L'industrie ayant désormais universellement admis que l'expression « FinTech » désignait la capacité des acteurs de la finance à exploiter le meilleur des technologies – et non plus, comme à ses origines, à réinventer le secteur grâce aux technologies – les banques rêvent aujourd'hui de se transformer en FinTech géantes, à l'instar de Lloyds.
L'évolution envisagée fait partie d'un plan d'action, préparé par son directeur technique, appelé à orienter la vision stratégique à cinq ans de l'entreprise, cette dernière devant être partagée prochainement. Dans ses grande lignes, elle veut combiner deux axes apparemment contradictoires : il s'agit, d'une part, d'ancrer plus profondément l'informatique dans le cœur de l'activité, afin de répondre aux enjeux d'aujourd'hui, et, d'autre part, d'en réduire les coûts (à hauteur de 35% entre 2021 et 2026).

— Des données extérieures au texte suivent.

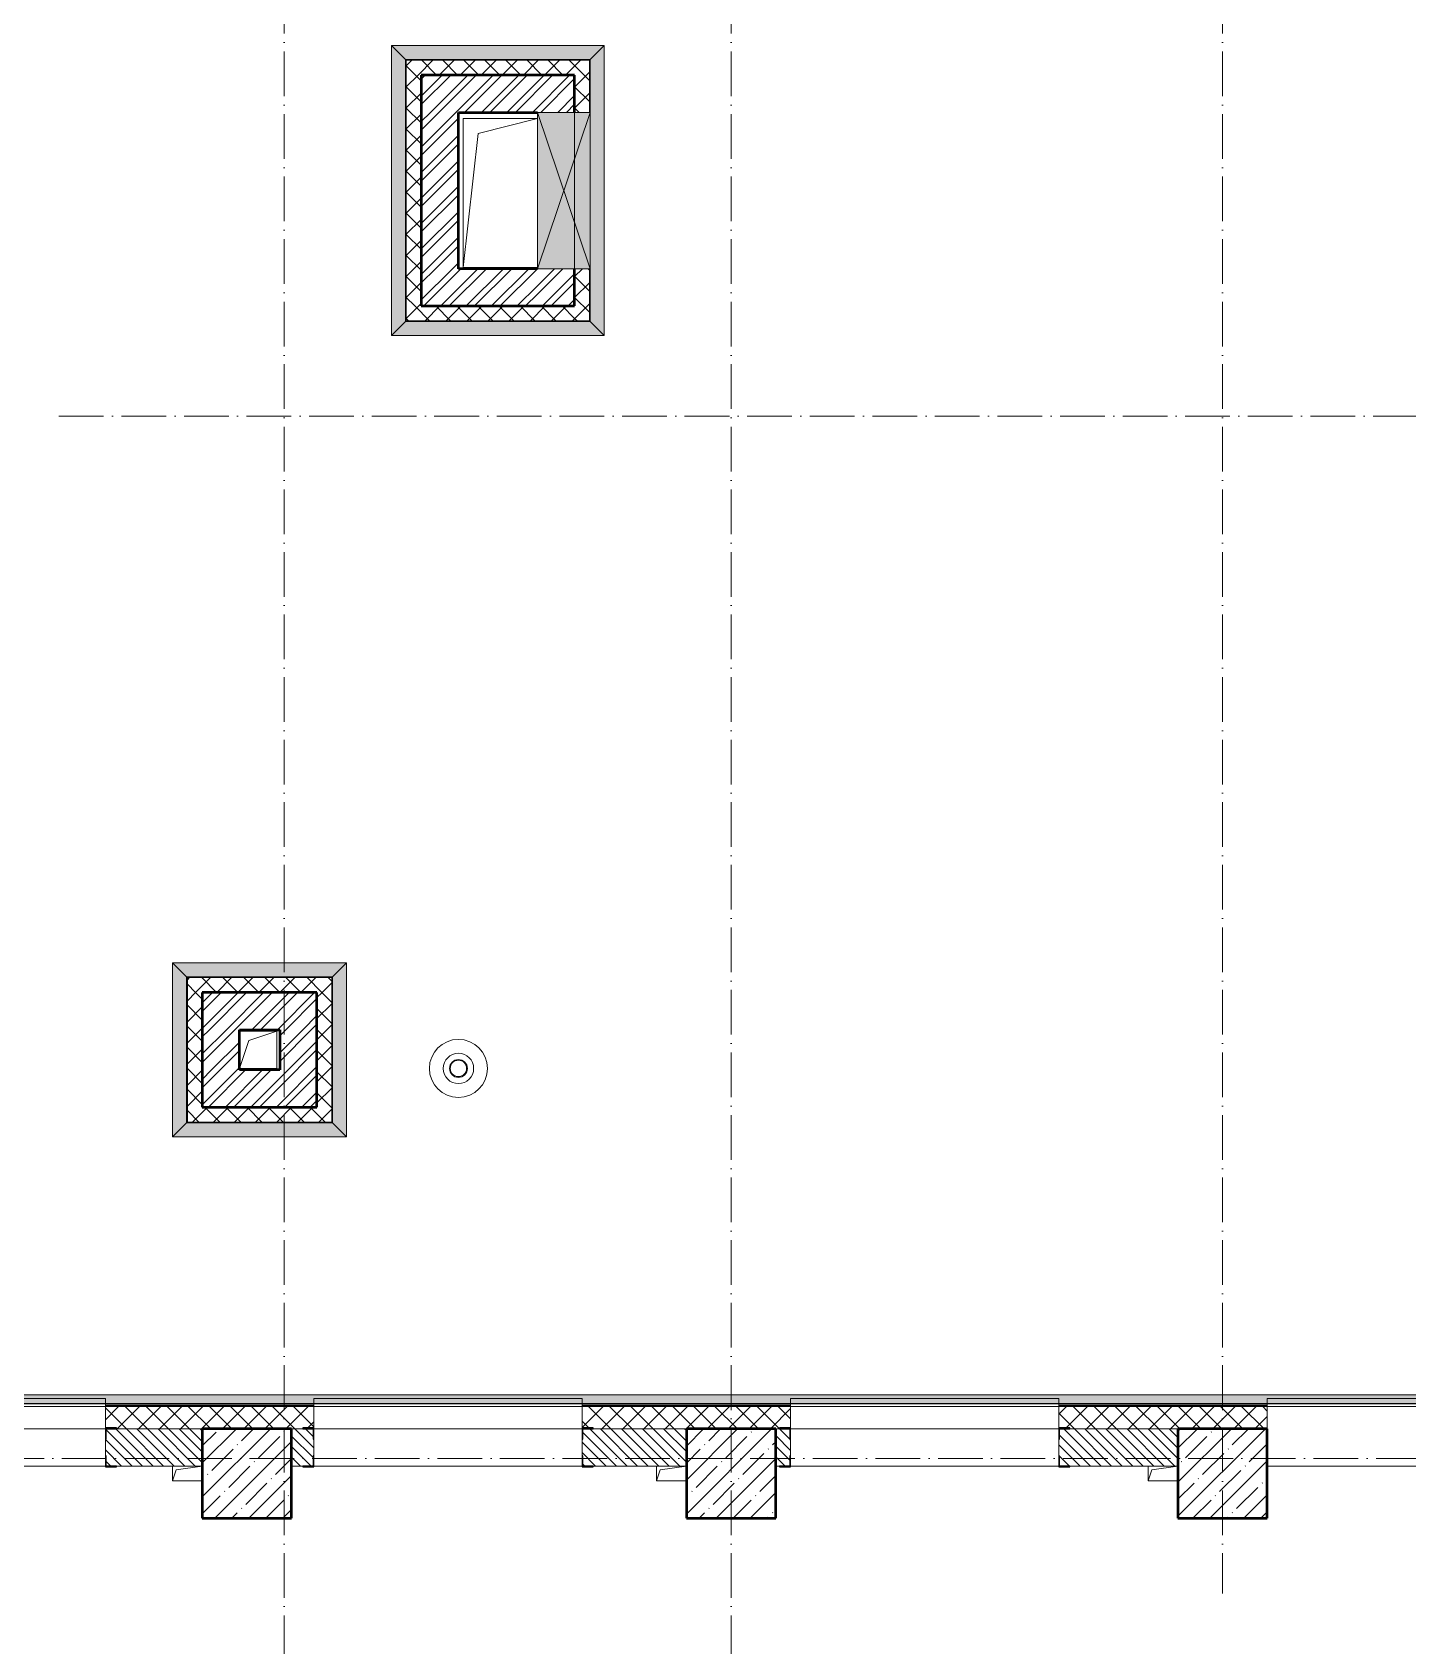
# Model space of a CAD drawing. Header units: millimetres. Extents: x -213536 to 1564669, y -45299 to 942238.
# Drawn here: x 18667 to 27901, y 525341 to 536175 of the extents above; entities that cross this region are included whole.
import ezdxf

# ---------------------------------------------------------------- set-up
doc = ezdxf.new("R2010")
doc.units = ezdxf.units.MM
doc.linetypes.add('50_200_ШТРИХ_1Т_ш5_п1_п1_', pattern=[700, 500, -100, 0, -100])
for name, color, linetype, lineweight in [('3.1) ЖБ окна 1.2 м', 102, 'Continuous', 30), ('A-DETL-GENF-OTLN', 7, 'Continuous', 9), ('A-FLOR-____-OTLN', 7, 'Continuous', 9), ('A-GENM-____-MCUT', 7, 'Continuous', 25), ('A-GENM-____-OTLN', 7, 'Continuous', 9), ('A-GENM-____-OTLN-1', 7, 'Continuous', 25), ('A-GLAZ-____-OTLN', 7, 'Continuous', 9), ('A-WALL-____-MCUT', 7, 'Continuous', 13), ('A-WALL-____-MCUT-1', 7, 'Continuous', 9), ('A-WALL-____-MCUT-2', 7, 'Continuous', 50), ('A-WALL-____-OTLN', 7, 'Continuous', 9), ('A-WALL-____-PATT-1', 7, 'Continuous', 9), ('A-WALL-FNSH-MCUT-1', 7, 'Continuous', 9), ('S-COLS-____-MCUT', 7, 'Continuous', 50), ('S-COLS-____-OTLN', 7, 'Continuous', 9), ('S-GRID-____-OTLN-1', 7, '50_200_ШТРИХ_1Т_ш5_п1_п1_', 9)]:
    doc.layers.add(name, color=color, linetype=linetype, lineweight=lineweight)
doc.layers.add('A-GLAZ-____-OTLN-1', color=7, linetype='Continuous', lineweight=9, true_color=0xc0c0c0)
pattern_1 = [(45, (-15591.66, 459015.94), (-70.71068, 70.71068), []), (135, (-15591.66, 459015.94), (-70.71068, -70.71068), [])]
pattern_2 = [(135, (-15591.663, 459015.94), (-35.35534, -35.35534), [])]
pattern_3 = [(45, (-15591.66, 459015.94), (-85.53659, 85.53659), []), (45, (-15534.64, 459015.94), (-85.53659, 85.53659), [])]

# ---------------------------------------------------------------- blocks, each defined once
blk = doc.blocks.new('BSC_Колонна _Прямоугольная - 600х600-V73-АР1_План отверстий 2 этажа в осях 1-64_Ю-ЯЯ')
at = {"layer": 'S-COLS-____-OTLN'}
h = blk.add_hatch(dxfattribs=at)
h.set_pattern_fill('FP_85', color=256, style=0, pattern_type=2)
h.set_pattern_definition([(45, (-35700, -67481.04), (-114.04925, 114.04925), []), (45, (-35585.95, -67481.04), (-114.04925, 114.04925), [201.613, -40.323, 3.353, -36.97])])
h.paths.add_polyline_path([(-300, -300), (300, -300), (300, 300), (-300, 300)], flags=0)
at = {"layer": 'S-COLS-____-MCUT'}
for p, q in [((300, 300), (-300, 300)), ((-300, 300), (-300, -300)), ((300, -300), (300, 300)), ((-300, -300), (300, -300))]:
    blk.add_line(p, q, dxfattribs=at)
blk = doc.blocks.new('BSC_Колонна _Прямоугольная - 600х600-V77-АР1_План отверстий 2 этажа в осях 1-64_Ю-ЯЯ')
at = {"layer": 'S-COLS-____-OTLN'}
h = blk.add_hatch(dxfattribs=at)
h.set_pattern_fill('FP_89', color=256, style=0, pattern_type=2)
h.set_pattern_definition([(45, (-38950, -67481.04), (-114.04925, 114.04925), []), (45, (-38835.95, -67481.04), (-114.04925, 114.04925), [201.613, -40.323, 3.353, -36.97])])
h.paths.add_polyline_path([(-300, -300), (300, -300), (300, 300), (-300, 300), (-300, 237)], flags=0)
at = {"layer": 'S-COLS-____-MCUT'}
for p, q in [((300, 300), (-300, 300)), ((-300, 300), (-300, -300)), ((300, -300), (300, 300)), ((-300, -300), (300, -300))]:
    blk.add_line(p, q, dxfattribs=at)
blk = doc.blocks.new('BSC_Колонна _Прямоугольная - 600х600-V85-АР1_План отверстий 2 этажа в осях 1-64_Ю-ЯЯ')
at = {"layer": 'S-COLS-____-OTLN'}
h = blk.add_hatch(dxfattribs=at)
h.set_pattern_fill('FP_98', color=256, style=0, pattern_type=2)
h.set_pattern_definition([(45, (-42250, -67481.04), (-114.04925, 114.04925), []), (45, (-42135.95, -67481.04), (-114.04925, 114.04925), [201.613, -40.323, 3.353, -36.97])])
h.paths.add_polyline_path([(-300, -300), (300, -300), (300, 300), (-300, 300)], flags=0)
at = {"layer": 'S-COLS-____-MCUT'}
for p, q in [((300, 300), (-300, 300)), ((-300, 300), (-300, -300)), ((300, -300), (300, 300)), ((-300, -300), (300, -300))]:
    blk.add_line(p, q, dxfattribs=at)
blk = doc.blocks.new('Фахверк_СКБ_Уголок - 250_1500-27508739-АР1_План отверстий 2 этажа в осях 1-64_Ю-ЯЯ')
at = {"layer": 'A-GENM-____-MCUT'}
for p, q in [((125, 181), (50, 181)), ((50, 181), (50, 175)), ((50, 175), (119, 175)), ((119, 175), (119, 106)), ((125, 106), (125, 181)), ((119, 106), (125, 106)), ((119, -75), (50, -75)), ((50, -75), (50, -81)), ((50, -81), (125, -81)), ((125, -6), (119, -6)), ((119, -6), (119, -75)), ((125, -81), (125, -6))]:
    blk.add_line(p, q, dxfattribs=at)
blk = doc.blocks.new('Фахверк_СКБ_Уголок - 250_1500_1-27508816-АР1_План отверстий 2 этажа в осях 1-64_Ю-ЯЯ')
at = {"layer": 'A-GENM-____-MCUT'}
for p, q in [((200, 181), (125, 181)), ((125, 181), (125, 106)), ((131, 106), (131, 175)), ((131, 175), (200, 175)), ((200, 175), (200, 181)), ((125, 106), (131, 106)), ((131, -6), (125, -6)), ((125, -6), (125, -81)), ((125, -81), (200, -81)), ((131, -75), (131, -6)), ((200, -75), (131, -75)), ((200, -81), (200, -75))]:
    blk.add_line(p, q, dxfattribs=at)
blk = doc.blocks.new('Отлив_СКБ - Отлив витража_СФТК-31884011-АР1_План отверстий 2 этажа в осях 1-64_Ю-ЯЯ')
at = {"layer": 'A-GLAZ-____-OTLN-1'}
for points in [[(1800, 2), (1800, 37), (0, 37), (0, 2), (1715, 2)], [(1715, 0), (1800, 0), (1800, 2), (0, 2), (0, 0)]]:
    blk.add_hatch(color=256, dxfattribs=at).paths.add_polyline_path(points, flags=0)
at = {"layer": 'A-GLAZ-____-OTLN'}
for p, q in [((0, 3), (0, 37)), ((1800, 37), (0, 37)), ((0, 2), (1800, 2)), ((1800, 37), (1800, 3)), ((1800, 0), (0, 0))]:
    blk.add_line(p, q, dxfattribs=at)
blk = doc.blocks.new('Кровельный аэратор - 143_Кровельный аэратор-15605992-АР1_План отверстий 2 этажа в осях 1-64_Ю-ЯЯ')
at = {"layer": 'A-GENM-____-OTLN'}
for radius, start, end in [(195, 360, 180), (195, 180, 360), (102, 360, 180), (102, 180, 360), (60, 360, 180), (60, 180, 360), (55, 360, 180), (55, 180, 360)]:
    blk.add_arc((0, 0), radius, start, end, dxfattribs=at)
blk = doc.blocks.new('AR_Отверстие прямоугольное _в плите_ - AR_Отверстие прямоугольное _в плите_-V173-АР1_План отверстий 2 этажа в осях 1-64_Ю-ЯЯ')
at = {"layer": 'A-GENM-____-OTLN'}
for p, q in [((-100, 50), (-100, -50)), ((-100, -50), (-75, 25)), ((-75, 25), (100, 50)), ((-100, -50), (100, -50))]:
    blk.add_line(p, q, dxfattribs=at)
blk = doc.blocks.new('AR_Отверстие прямоугольное _в плите_ - AR_Отверстие прямоугольное _в плите_-30458064-АР1_План отверстий 2 этажа в осях 1-64_Ю-ЯЯ')
at = {"layer": 'A-GENM-____-OTLN'}
for p, q in [((125, 125), (-125, 125)), ((-63, 63), (125, 125)), ((125, -125), (125, 125)), ((-125, -125), (-63, 63)), ((-125, -125), (125, -125))]:
    blk.add_line(p, q, dxfattribs=at)
blk = doc.blocks.new('AR_Отверстие прямоугольное _в плите_ - AR_Отверстие прямоугольное _в плите_-30552728-АР1_План отверстий 2 этажа в осях 1-64_Ю-ЯЯ')
at = {"layer": 'A-GENM-____-OTLN'}
for p, q in [((249, 500), (-250, 500)), ((-250, 500), (-250, -500)), ((-150, 400), (249, 500)), ((-250, -500), (-150, 400)), ((-250, -500), (249, -500))]:
    blk.add_line(p, q, dxfattribs=at)
blk = doc.blocks.new('AR_Отверстие прямоугольное _в стене__БезПР - AR_Отверстие прямоугольное _в стене__БезПР-31948034-АР1_План отверстий 2 этажа в осях 1-64_Ю-ЯЯ')
at = {"layer": 'A-GLAZ-____-OTLN'}
blk.add_hatch(color=256, dxfattribs=at).paths.add_polyline_path([(525, 230), (-525, 230), (-525, -125), (525, -125), (525, 211)], flags=0)
at = {"layer": 'A-DETL-GENF-OTLN'}
for p, q in [((-525, -125), (-525, 230)), ((-525, 230), (525, 230)), ((525, 230), (-525, -125)), ((-525, 230), (525, -125)), ((525, 230), (-525, 230)), ((-525, 230), (-525, -125)), ((525, 230), (525, -125)), ((525, -125), (525, 230)), ((525, -125), (-525, -125)), ((-525, -125), (525, -125))]:
    blk.add_line(p, q, dxfattribs=at)
at = {"layer": 'A-GLAZ-____-OTLN'}
blk.add_line((525, 125), (-525, 125), dxfattribs=at)
blk = doc.blocks.new('Отлив_СКБ1 - Отлив_Шахты-32497870-АР1_План отверстий 2 этажа в осях 1-64_Ю-ЯЯ')
at = {"layer": 'A-GLAZ-____-OTLN-1'}
blk.add_hatch(color=256, dxfattribs=at).paths.add_polyline_path([(969, -199), (873, -103), (873, -105), (-103, -105), (-103, -103), (-199, -199), (875, -199)], flags=0)
at = {"layer": 'A-GLAZ-____-OTLN'}
for p, q in [((-199, -199), (-103, -103)), ((873, -103), (969, -199)), ((-199, -199), (969, -199))]:
    blk.add_line(p, q, dxfattribs=at)
blk = doc.blocks.new('Отлив_СКБ1 - Отлив_Шахты-30185863-АР1_План отверстий 2 этажа в осях 1-64_Ю-ЯЯ')
at = {"layer": 'A-GLAZ-____-OTLN-1'}
blk.add_hatch(color=256, dxfattribs=at).paths.add_polyline_path([(1229, -199), (1133, -103), (1133, -105), (-103, -105), (-103, -103), (-199, -199), (1135, -199)], flags=0)
at = {"layer": 'A-GLAZ-____-OTLN'}
for p, q in [((-199, -199), (-103, -103)), ((1133, -103), (1229, -199)), ((-199, -199), (1229, -199))]:
    blk.add_line(p, q, dxfattribs=at)
blk = doc.blocks.new('Отлив_СКБ1 - Отлив_Шахты-32493152-АР1_План отверстий 2 этажа в осях 1-64_Ю-ЯЯ')
at = {"layer": 'A-GLAZ-____-OTLN-1'}
blk.add_hatch(color=256, dxfattribs=at).paths.add_polyline_path([(-199, -199), (1749, -199), (1653, -103), (1653, -105), (-103, -105), (-103, -103), (-105, -105)], flags=0)
at = {"layer": 'A-GLAZ-____-OTLN'}
for p, q in [((-199, -199), (-103, -103)), ((1653, -103), (1749, -199)), ((-199, -199), (1749, -199))]:
    blk.add_line(p, q, dxfattribs=at)
blk = doc.blocks.new('Отлив_СКБ1 - Отлив_Фасады на кровле-32719942-АР1_План отверстий 2 этажа в осях 1-64_Ю-ЯЯ')
at = {"layer": 'A-GLAZ-____-OTLN-1'}
blk.add_hatch(color=256, dxfattribs=at).paths.add_polyline_path([(18850, 170), (18850, 204), (20650, 204), (20650, 170), (21320, 170), (21320, 228), (228, 228), (170, 170), (2850, 170), (2850, 204), (4650, 204), (4650, 170), (6050, 170), (6050, 204), (7850, 204), (7850, 170), (9250, 170), (9250, 204), (11050, 204), (11050, 170), (12450, 170), (12450, 204), (14250, 204), (14250, 170), (15650, 170), (15650, 204), (17450, 204), (17450, 170), (18705, 170)], flags=0)
at = {"layer": 'A-GLAZ-____-OTLN'}
blk.add_line((21320, 228), (228, 228), dxfattribs=at)
blk = doc.blocks.new('2этаж')
at = {"layer": 'S-GRID-____-OTLN-1', "color": 251, "ltscale": 0.6, "true_color": 0x636466}
for p, q in [((20358.3, 549908.8), (20358.3, 511907.5)), ((23358.3, 549908.8), (23358.3, 511907.5)), ((26658.3, 549908.8), (26658.3, 525691.4)), ((18845.8, 533597), (88482.7, 533597)), ((88482.7, 526597), (-20260.4, 526597))]:
    blk.add_line(p, q, dxfattribs=at)

msp = doc.modelspace()

# ---------------------------------------------------------------- hatches: boundary and pattern name
at = {"layer": 'A-WALL-____-PATT-1'}
h = msp.add_hatch(dxfattribs=at)
h.set_pattern_fill('FP_1', color=256, style=0, pattern_type=2)
h.set_pattern_definition(pattern_1)
h.paths.add_polyline_path([(21510.7, 535887), (22408.3, 535887), (22408.3, 535987), (21178.3, 535987), (21178.3, 535887), (21278.3, 535887)], flags=0)
h = msp.add_hatch(dxfattribs=at)
h.set_pattern_fill('FP_1', color=256, style=0, pattern_type=2)
h.set_pattern_definition(pattern_1)
h.paths.add_polyline_path([(21178.3, 534337), (21278.3, 534337), (21278.3, 535887), (21178.3, 535887), (21178.3, 534402.7)], flags=0)
h = msp.add_hatch(dxfattribs=at)
h.set_pattern_fill('FP_3', color=256, style=0, pattern_type=2)
h.set_pattern_definition(pattern_3)
h.paths.add_polyline_path([(21528.3, 535637), (22308.3, 535637), (22308.3, 535887), (21278.3, 535887), (21278.3, 535637), (21510.7, 535637)], flags=0)
h = msp.add_hatch(dxfattribs=at)
h.set_pattern_fill('FP_1', color=256, style=0, pattern_type=2)
h.set_pattern_definition(pattern_1)
h.paths.add_polyline_path([(22408.3, 534237), (22408.3, 534587), (22308.3, 534587), (22308.3, 534237), (22394.4, 534237)], flags=0)
h.paths.add_polyline_path([(22308.3, 535637), (22408.3, 535637), (22408.3, 535887), (22308.3, 535887)], flags=0)
h = msp.add_hatch(dxfattribs=at)
h.set_pattern_fill('FP_3', color=256, style=0, pattern_type=2)
h.set_pattern_definition(pattern_3)
h.paths.add_polyline_path([(21510.7, 534587), (21528.3, 534587), (21528.3, 535637), (21278.3, 535637), (21278.3, 534587)], flags=0)
h = msp.add_hatch(dxfattribs=at)
h.set_pattern_fill('FP_3', color=256, style=0, pattern_type=2)
h.set_pattern_definition(pattern_3)
h.paths.add_polyline_path([(21510.7, 534337), (22058.3, 534337), (22058.3, 534587), (21278.3, 534587), (21278.3, 534337)], flags=0)
h = msp.add_hatch(dxfattribs=at)
h.set_pattern_fill('FP_3', color=256, style=0, pattern_type=2)
h.set_pattern_definition(pattern_3)
h.paths.add_polyline_path([(22308.3, 534337), (22308.3, 534587), (22058.3, 534587), (22058.3, 534337)], flags=0)
h = msp.add_hatch(dxfattribs=at)
h.set_pattern_fill('FP_1', color=256, style=0, pattern_type=2)
h.set_pattern_definition(pattern_1)
h.paths.add_polyline_path([(22308.3, 534237), (22308.3, 534337), (21178.3, 534337), (21178.3, 534237), (21952.5, 534237)], flags=0)
h = msp.add_hatch(dxfattribs=at)
h.set_pattern_fill('FP_1', color=256, style=0, pattern_type=2)
h.set_pattern_definition(pattern_1)
h.paths.add_polyline_path([(20678.3, 529727), (20678.3, 529827), (19708.3, 529827), (19708.3, 529727), (20626.9, 529727)], flags=0)
h = msp.add_hatch(dxfattribs=at)
h.set_pattern_fill('FP_1', color=256, style=0, pattern_type=2)
h.set_pattern_definition(pattern_1)
h.paths.add_polyline_path([(19808.3, 528957), (19808.3, 529727), (19708.3, 529727), (19708.3, 528957), (19743.2, 528957)], flags=0)
h = msp.add_hatch(dxfattribs=at)
h.set_pattern_fill('FP_3', color=256, style=0, pattern_type=2)
h.set_pattern_definition(pattern_3)
h.paths.add_polyline_path([(20058.3, 529477), (20578.3, 529477), (20578.3, 529727), (19808.3, 529727), (19808.3, 529477)], flags=0)
h = msp.add_hatch(dxfattribs=at)
h.set_pattern_fill('FP_1', color=256, style=0, pattern_type=2)
h.set_pattern_definition(pattern_1)
h.paths.add_polyline_path([(20678.3, 528857), (20678.3, 529727), (20578.3, 529727), (20578.3, 528857), (20626.9, 528857)], flags=0)
h = msp.add_hatch(dxfattribs=at)
h.set_pattern_fill('FP_3', color=256, style=0, pattern_type=2)
h.set_pattern_definition(pattern_3)
h.paths.add_polyline_path([(20058.3, 529207), (20058.3, 529477), (19808.3, 529477), (19808.3, 529207)], flags=0)
h = msp.add_hatch(dxfattribs=at)
h.set_pattern_fill('FP_3', color=256, style=0, pattern_type=2)
h.set_pattern_definition(pattern_3)
h.paths.add_polyline_path([(20578.3, 528957), (20578.3, 529477), (20328.3, 529477), (20328.3, 528957)], flags=0)
h = msp.add_hatch(dxfattribs=at)
h.set_pattern_fill('FP_3', color=256, style=0, pattern_type=2)
h.set_pattern_definition(pattern_3)
h.paths.add_polyline_path([(19808.3, 528957), (20328.3, 528957), (20328.3, 529207), (19808.3, 529207), (19808.3, 529155.8)], flags=0)
h = msp.add_hatch(dxfattribs=at)
h.set_pattern_fill('FP_1', color=256, style=0, pattern_type=2)
h.set_pattern_definition(pattern_1)
h.paths.add_polyline_path([(19743.2, 528857), (20578.3, 528857), (20578.3, 528957), (19708.3, 528957), (19708.3, 528857)], flags=0)
h = msp.add_hatch(dxfattribs=at)
h.set_pattern_fill('FP_1', color=256, style=0, pattern_type=2)
h.set_pattern_definition(pattern_1)
h.paths.add_polyline_path([(29608.3, 526797), (29623.3, 526797), (29623.3, 526947), (28758.3, 526947), (28758.3, 526797), (29464.4, 526797)], flags=0)
h.paths.add_polyline_path([(25929.4, 526797), (26958.3, 526797), (26958.3, 526947), (25558.3, 526947), (25558.3, 526803), (25633.3, 526803), (25633.3, 526797)], flags=0)
h.paths.add_polyline_path([(23658.3, 526797), (23683.3, 526797), (23683.3, 526803), (23758.3, 526803), (23758.3, 526947), (22358.3, 526947), (22358.3, 526803), (22433.3, 526803), (22433.3, 526797), (23278.2, 526797)], flags=0)
h.paths.add_polyline_path([(19743.2, 526797), (20483.3, 526797), (20483.3, 526803), (20558.3, 526803), (20558.3, 526947), (19158.3, 526947), (19158.3, 526803), (19233.3, 526803), (19233.3, 526797)], flags=0)
h.paths.add_polyline_path([(17283.3, 526797), (17283.3, 526803), (17358.3, 526803), (17358.3, 526947), (15958.3, 526947), (15958.3, 526803), (16033.3, 526803), (16033.3, 526797), (17091.9, 526797)], flags=0)
h.paths.add_polyline_path([(14083.3, 526797), (14083.3, 526803), (14158.3, 526803), (14158.3, 526947), (12758.3, 526947), (12758.3, 526803), (12833.3, 526803), (12833.3, 526797), (13658.3, 526797)], flags=0)
h.paths.add_polyline_path([(10883.3, 526797), (10883.3, 526803), (10958.3, 526803), (10958.3, 526947), (8108.3, 526947), (8108.3, 526797), (9138.2, 526797)], flags=0)
h = msp.add_hatch(dxfattribs=at)
h.set_pattern_fill('FP_6', color=256, style=0, pattern_type=2)
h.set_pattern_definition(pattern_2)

Sans grande surprise, ce deuxième objectif prend largement le dessus et recourt à diverses méthodes en vue de l'atteindre. La première peut prêter à sourire puisqu'elle reprend la mission des technologies depuis leur introduction dans la banque, à savoir l'automatisation des tâches manuelles. Hélas, les processus, notamment ceux qui relèvent de la conformité réglementaire, persistent à requérir des interventions humaines lourdes, coûteuses… et souvent à retardement, induisant donc des risques résiduels.
Autre source d'économies massives, Lloyds prévoit de décommissionner 862 applications obsolètes, ce qui lui permettra non seulement d'effacer les charges d'exploitation et de maintenance correspondantes mais également d'éliminer une partie de son patrimoine (pré)historique, qui constitue un des principaux handicaps des institutions traditionnelles. Grâce à ces suppressions et avec un effort de consolidation, l'initiative comprendra aussi la fermeture de 15 centres de production informatique.
Sur l'autre versant de ses ambitions, l'établissement anticipe une croissance sensible de la proportion de ses effectifs affectée à des rôles technologiques. En outre, dans une manière de confirmer que la différenciation concurrentielle se joue de plus en plus dans ce domaine, il s'engagera dans un mouvement de ré-internalisation, après des années de transfert vers des partenaires externes d'une part toujours plus importante du travail et des responsabilités, généralement sous prétexte de réduction des coûts.
Enfin, dans une logique qui se rapproche tout de même de l'esprit FinTech des pionniers, Lloyds viserait à développer un modèle d'affaires spécifique, via la commercialisation de produits élaborés directement à partir de ses services informatiques. Malgré la résistance habituelle des intéressés à ce genre de pratiques, la cible privilégiée en serait les données de ses clients – anonymisées, bien entendu – à partir desquelles elle construirait une offre à forte valeur ajoutée, à destination d'audiences variées.
Le chantier paraît gigantesque et peut susciter le scepticisme. Il n'en reste pas moins que les constats sous-jacents, probablement justes, sont pertinents pour l'ensemble du secteur, et que leur mise à plat devrait représenter un préalable essentiel à toute définition de stratégie dans une institution financière. En résumé : reconnaissance de la priorité existentielle à accorder aux technologies, organisation du retrait des actifs vétustes, identification et exploitation des opportunités créées par la « digitalisation ».